Based off your gas expense you're driving more than 50k miles per year unless you got a gas guzzler.


----------



## _Tron_ (Feb 9, 2020)

Blkcherrysoul said:


> does anyone else show negative income and what do you do about it?


Negative income is experienced by most drivers. It is a function of expenses vs the very low pay in this kind of work, and is arguably the greatest fringe benefit of making this line of work worthwhile financially, as it reduces or eliminates any income taxes one is liable for.


----------



## Iann (Oct 17, 2017)

Not sure how but my agi was bumped to 70000 without owing or getting a refund. 
How is this possible?


----------



## Elland Rd (Feb 26, 2020)

_Tron_ said:


> Negative income is experienced by most drivers. It is a function of expenses vs the very low pay in this kind of work, and is arguably the greatest fringe benefit of making this line of work worthwhile financially, as it reduces or eliminates any income taxes one is liable for.


Okay. Correct me if I'm wrong. But say someone makes $100k from their regular job, and loses $5k doing rideshare. All that means is that they shaved $5k off of their taxable income (meaning they won't pay tax on that $5k). It doesn't mean they shaved $5k off their final tax bill. So unless the loss was only on paper (e.g, based on IRS mileage deduction, but not their actual driving expenses) they wouldn't really benefit.

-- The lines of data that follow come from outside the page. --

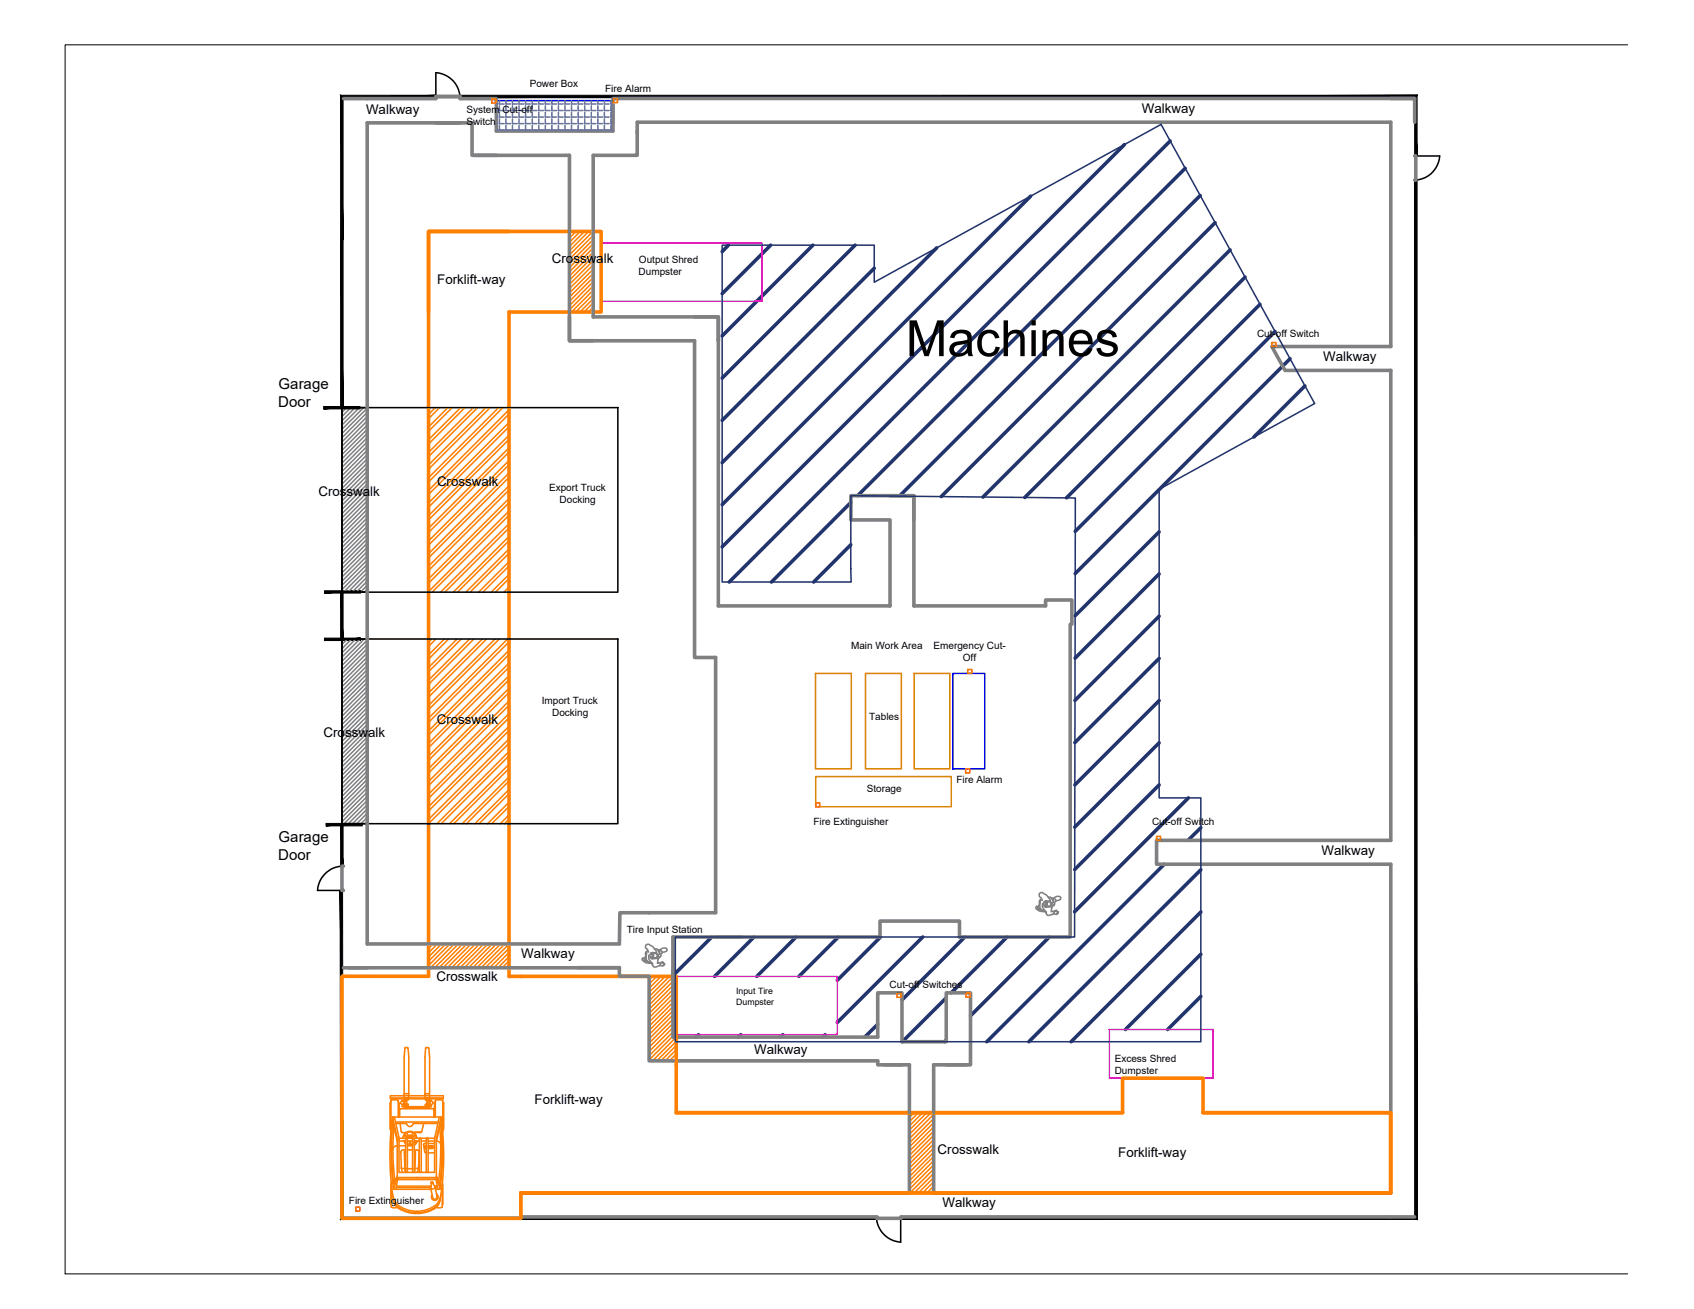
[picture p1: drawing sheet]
<svg xmlns="http://www.w3.org/2000/svg" width="279mm" height="216mm" viewBox="0 0 279 216" stroke-linecap="round" stroke-linejoin="round" font-family="sans-serif">
<!-- layer: 0 -->
<g fill="#000" stroke="#000" stroke-width=".16">
<path d="M56.6 16.1h15.3v-.4zM56.2 15.7h15.7l-15.3 .4zM56.2 15.7l.4 23.8v-23.4zM56.2 15.7l.4 23.8h-.4z"/>
<path d="M56.2 39.5l.4 27.7v-27.7zM56.2 39.5l.4 27.7h-.4z"/>
<path d="M233.3 16.1v9.6h.4zM233.3 16.1l.4-.4v10zM75.8 16.1h157.5l.4-.4zM75.8 15.7h157.9l-157.9 .4z"/>
<path d="M53.4 67v.4l6-.4zM53.4 67.4l6-.4v.4z"/>
<path d="M56.2 97.6l.4 7.8v-7.8zM56.2 97.6l.4 7.8h-.4z"/>
<path d="M53.5 97.8h6v-.4zM53.5 97.4h6l-6 .4z"/>
<path d="M53.5 105.2v.4l6-.4zM53.5 105.6l6-.4v.4z"/>
<path d="M56.2 136.1l.4 6.8v-6.8zM56.2 136.1l.4 6.8h-.4z"/>
<path d="M53.8 136.2h5.9v-.4zM53.8 135.8h5.9l-5.9 .4z"/>
<path d="M56.1 146.9l.5 53.8-.1-53.8zM56.1 146.9l.5 53.8-.4 .4zM56.6 200.7l-.4 .4 88.4-.4zM56.2 201.1l88.4-.4v.4z"/>
<path d="M148.6 200.7v.4l84.7-.4zM148.6 201.1l84.7-.4 .4 .4zM233.3 29.7v171l.4 .4zM233.3 29.7h.4v171.4z"/>
</g>
<!-- layer: Furniture -->
<g fill="none" stroke="#22346e" stroke-width=".59">
<path d="M170 32.3l-50.9 50.9M185.5 23.8l-66.4 66.4M193 23.2l-72.7 72.8M195.5 27.8l-54 54M198 32.2l-49.6 49.6M200.4 36.7l-45.2 45.2M120.1 40.4l-1 1.1M127.1 40.4l-8 8M134.1 40.4l-15 15M141 40.4l-21.9 22M144.2 44.2l-25.1 25.1M154.5 40.9l-35.4 35.4"/>
<path d="M202.9 41.2l-40.8 40.8M205.4 45.7l-36.4 36.3M207.8 50.2l-31.9 31.9M210.3 54.7l-33 32.9M212.8 59.2l-21.5 21.4M215.2 63.7l-8.4 8.4M140.3 89.9l-6.1 6.1M140.3 82.9l-13.1 13.1M191.2 80.8l-13.9 13.8M191.2 87.7l-13.9 13.9M191.2 94.7l-13.9 13.8M191.2 101.6l-13.9 13.9"/>
<path d="M191.2 108.6l-13.9 13.9M191.2 115.6l-13.9 13.9M191.2 122.5l-13.9 13.9M191.2 129.5l-13.9 13.9M196 131.6l-18.8 18.8M198.1 136.5l-2.2 2.1M117.4 154.5l-6 6M124.4 154.5l-6.5 6.5M131.3 154.5l-6.5 6.5M138.3 154.5l-6.5 6.5M145.2 154.5l-7.1 7.2M152.2 154.5l-14.1 14.1"/>
<path d="M159.1 154.5l-10.3 10.4M166.1 154.5l-9.2 9.3M173.1 154.5l-13 13M192 142.5l-29.2 29.3M198.1 143.5l-28.4 28.3M198.1 150.4l-21.4 21.4M198.1 157.4l-12.5 12.4M115.2 170.7l-.4 .4M122.2 170.7l-.4 .4M129.1 170.7l-.4 .4M136.1 170.7l-.4 .4M144.8 168.9l-2.2 2.2"/>
<path d="M156.1 164.6l-7.3 7.2M156.1 171.5l-.3 .3M198.1 164.3l-5.5 5.5"/>
</g>
<!-- layer: Dumpsters -->
<path d="M99.2 40.1h26.5v9.6h-26.5zM111.5 161h26.6v9.7h-26.5v-9.7M183 169.8h17.1v8h-17.1z" fill="none" stroke="#f0f" stroke-width=".25"/>
<!-- layer: 0 -->
<path d="M71.9 12v3.9M233.5 25.7h4M52.4 146.9h3.9M148.6 200.9v4" fill="none" stroke="#000" stroke-width=".25"/>
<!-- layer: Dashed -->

I mean, if the loss were based on real life expenses, wouldn't it just be like pouring $5k down the drain to avoid getting taxed a percentage of it?


----------



## Uber's Guber (Oct 22, 2017)

Blkcherrysoul said:


> On my taxes i am showing negative $7,000 due to depreciation on new car and $4000 in gas 2019. It recommends carrying over the amount to next year by a tax pro...does anyone else show negative income and what do you do about it?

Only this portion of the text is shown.